◆ EXERCISE ◆
Only one stretch of the records below should be repeated. It starts with the line containing "doc.units = ezdxf.units.MM" and goes on through the line containing "layer by layer", exactly as written.

** ENTRIES PROVIDED follows **

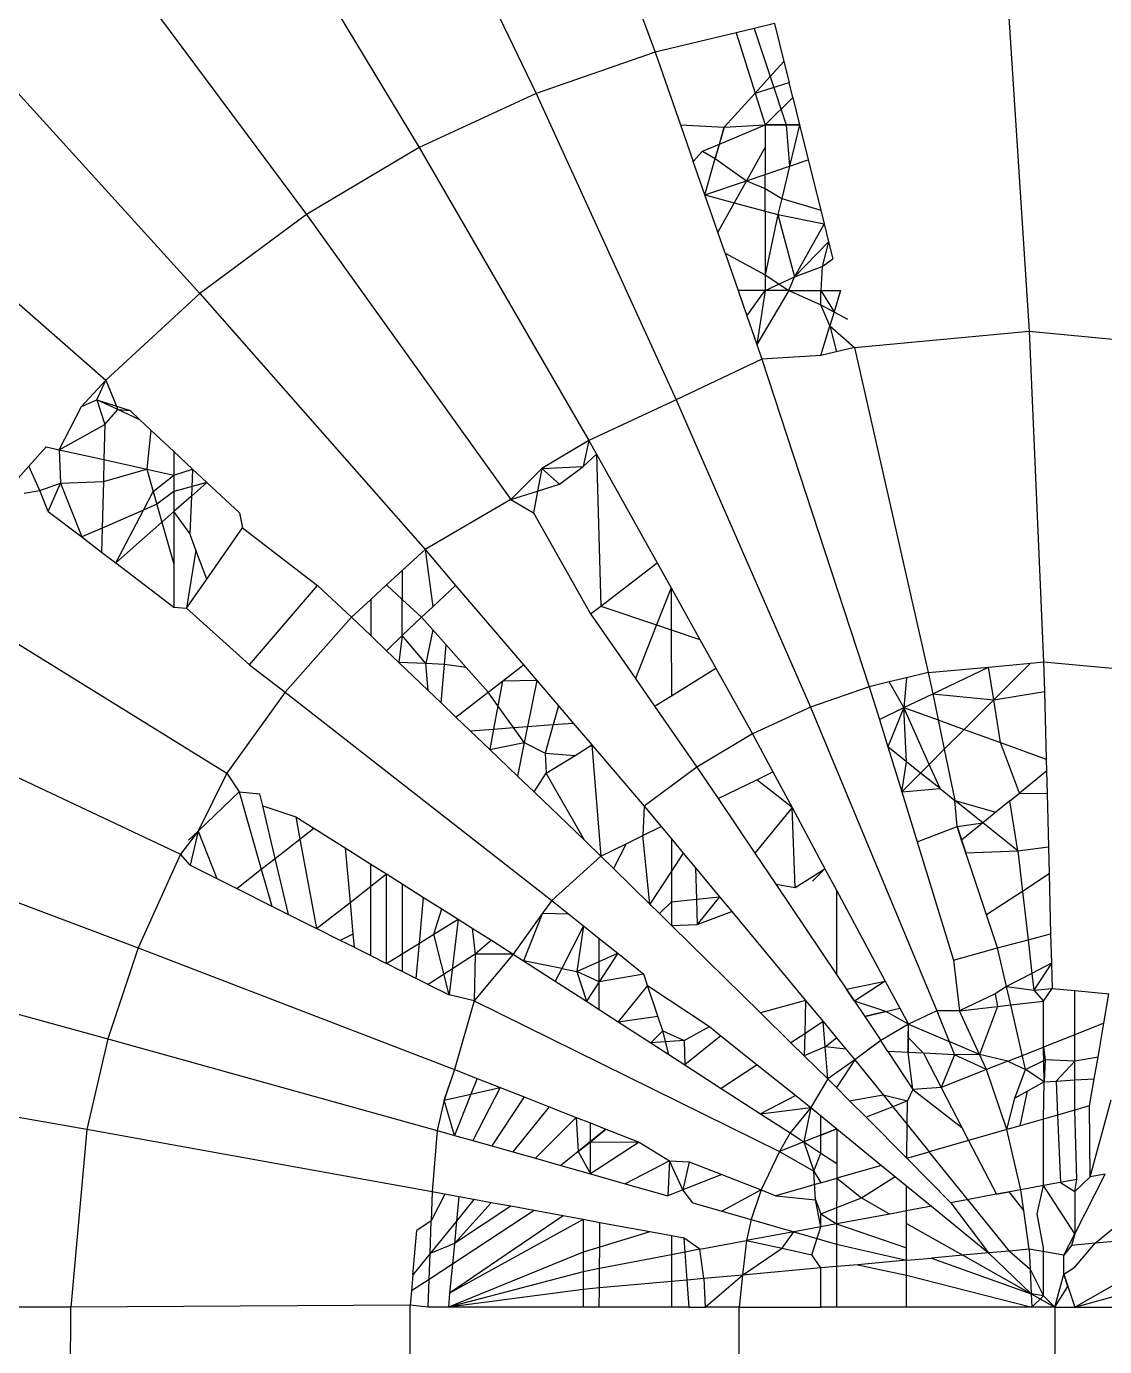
# Model space of a CAD drawing. Header units: millimetres. Extents: x 153 to 4750, y 92 to 3343.
# Drawn here: x 2632.119 to 2634.4, y 1089.032 to 1091.824 of the extents above; entities that cross this region are included whole.
import ezdxf

# ---------------------------------------------------------------- set-up
doc = ezdxf.new("R2010")
doc.units = ezdxf.units.MM

msp = doc.modelspace()

# ---------------------------------------------------------------- linework, layer by layer
for p, q in [((2633.2058, 1092.4273), (2633.4494, 1091.7697)), ((2632.8914, 1092.3185), (2633.1974, 1091.6825)), ((2632.5829, 1092.1755), (2632.9501, 1091.5679)), ((2632.2855, 1091.9988), (2632.7118, 1091.4263)), ((2634.1954, 1091.8763), (2634.2401, 1091.1793)), ((2633.7021, 1091.8302), (2633.6589, 1091.8199)), ((2633.7021, 1091.8302), (2633.7218, 1091.7501)), ((2633.6209, 1091.8108), (2633.4494, 1091.7697)), ((2633.6589, 1091.8199), (2633.6209, 1091.8108)), ((2633.6209, 1091.8108), (2633.661, 1091.6831)), ((2633.6589, 1091.8199), (2633.6927, 1091.718)), ((2632.0044, 1091.7899), (2632.4865, 1091.2589)), ((2633.4494, 1091.7697), (2633.1974, 1091.6825)), ((2633.4494, 1091.7697), (2633.503, 1091.6156)), ((2633.6927, 1091.718), (2633.7218, 1091.7501)), ((2633.7218, 1091.7501), (2633.7328, 1091.7055)), ((2633.661, 1091.6831), (2633.6927, 1091.718)), ((2633.6927, 1091.718), (2633.7265, 1091.6156)), ((2633.661, 1091.6831), (2633.7328, 1091.7055)), ((2633.7407, 1091.6735), (2633.7328, 1091.7055)), ((2633.1974, 1091.6825), (2632.9501, 1091.5679)), ((2633.1974, 1091.6825), (2633.4941, 1091.0344)), ((2633.5954, 1091.6108), (2633.661, 1091.6831)), ((2633.661, 1091.6831), (2633.6821, 1091.6156)), ((2633.7407, 1091.6735), (2633.6821, 1091.6156)), ((2633.7407, 1091.6735), (2633.755, 1091.6156)), ((2633.503, 1091.6156), (2633.5954, 1091.6108)), ((2633.503, 1091.6156), (2633.5298, 1091.5385)), ((2633.5954, 1091.6108), (2633.5764, 1091.5446)), ((2633.5852, 1091.5753), (2633.6821, 1091.6156)), ((2633.5852, 1091.5753), (2633.5954, 1091.6108)), ((2633.5954, 1091.6108), (2633.6821, 1091.6156)), ((2633.755, 1091.6156), (2633.6821, 1091.6156)), ((2633.6821, 1091.6156), (2633.6821, 1091.5684)), ((2633.6821, 1091.6156), (2633.7265, 1091.6156)), ((2633.7265, 1091.6156), (2633.755, 1091.6156)), ((2633.7265, 1091.6156), (2633.7337, 1091.5282)), ((2633.755, 1091.6156), (2633.7337, 1091.5282)), ((2633.755, 1091.6156), (2633.7733, 1091.5416)), ((2633.5497, 1091.5605), (2633.5852, 1091.5753)), ((2633.5764, 1091.5446), (2633.5852, 1091.5753)), ((2631.7446, 1091.5514), (2632.2875, 1091.0762)), ((2632.9501, 1091.5679), (2632.7118, 1091.4263)), ((2632.9501, 1091.5679), (2633.3092, 1090.9487)), ((2633.5298, 1091.5385), (2633.5497, 1091.5605)), ((2633.5497, 1091.5605), (2633.5764, 1091.5446)), ((2633.6821, 1091.5684), (2633.6425, 1091.4974)), ((2633.6821, 1091.5684), (2633.6821, 1091.5108)), ((2633.5544, 1091.4677), (2633.5298, 1091.5385)), ((2633.5544, 1091.4677), (2633.5764, 1091.5446)), ((2633.5764, 1091.5446), (2633.6425, 1091.4974)), ((2633.6821, 1091.5108), (2633.7337, 1091.5282)), ((2633.7337, 1091.5282), (2633.7172, 1091.4604)), ((2633.7337, 1091.5282), (2633.7733, 1091.5416)), ((2633.7733, 1091.5416), (2633.7996, 1091.4353)), ((2633.5544, 1091.4677), (2633.6425, 1091.4974)), ((2633.6425, 1091.4974), (2633.6166, 1091.451)), ((2633.6425, 1091.4974), (2633.6821, 1091.5108)), ((2633.6425, 1091.4974), (2633.6821, 1091.4813)), ((2633.6821, 1091.4813), (2633.6821, 1091.5108)), ((2633.5544, 1091.4677), (2633.6166, 1091.451)), ((2633.5819, 1091.3886), (2633.5544, 1091.4677)), ((2633.6821, 1091.4335), (2633.6821, 1091.4813)), ((2633.6821, 1091.4813), (2633.7172, 1091.4604)), ((2633.6166, 1091.451), (2633.5819, 1091.3886)), ((2633.6166, 1091.451), (2633.6821, 1091.4335)), ((2633.6821, 1091.4335), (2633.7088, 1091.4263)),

** End of ENTRIES PROVIDED **

◆ ANSWER SPACE ◆
doc.units = ezdxf.units.MM

msp = doc.modelspace()

# ---------------------------------------------------------------- linework, layer by layer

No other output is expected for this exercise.